[Records excerpted from a collection]
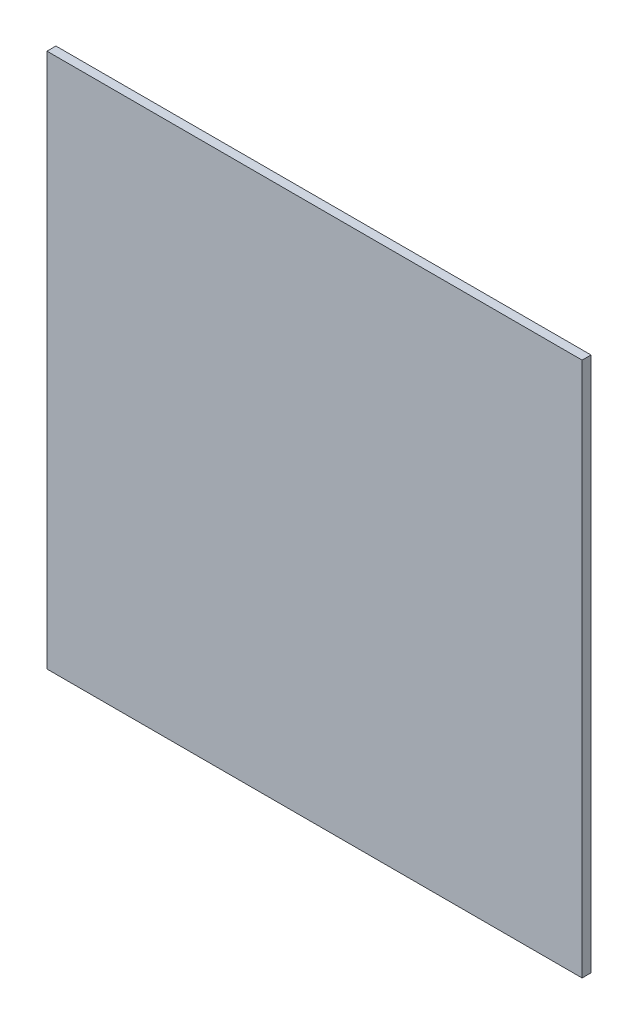
from build123d import *

# Parameters (mm, degrees)
SZKIC1_W                    = 300
SZKIC1_H                    = 300
DODANIE_WYCI_GNI_CIE1_DEPTH = 5


with BuildPart() as part:
    # Szkic1 → Dodanie-wyciągnięcie1 (new body)
    with BuildSketch(Plane.XY):
        with Locations((150, 150)):
            Rectangle(SZKIC1_W, SZKIC1_H)
    extrude(amount=DODANIE_WYCI_GNI_CIE1_DEPTH)


solid = part.part

#### EXERCISE DESCRIPTION:
Where a line in the entries holds "with", copy that line.

#### TASK RESPONSE:
with BuildPart() as part:
    with BuildSketch(Plane.XY):
        with Locations((150, 150)):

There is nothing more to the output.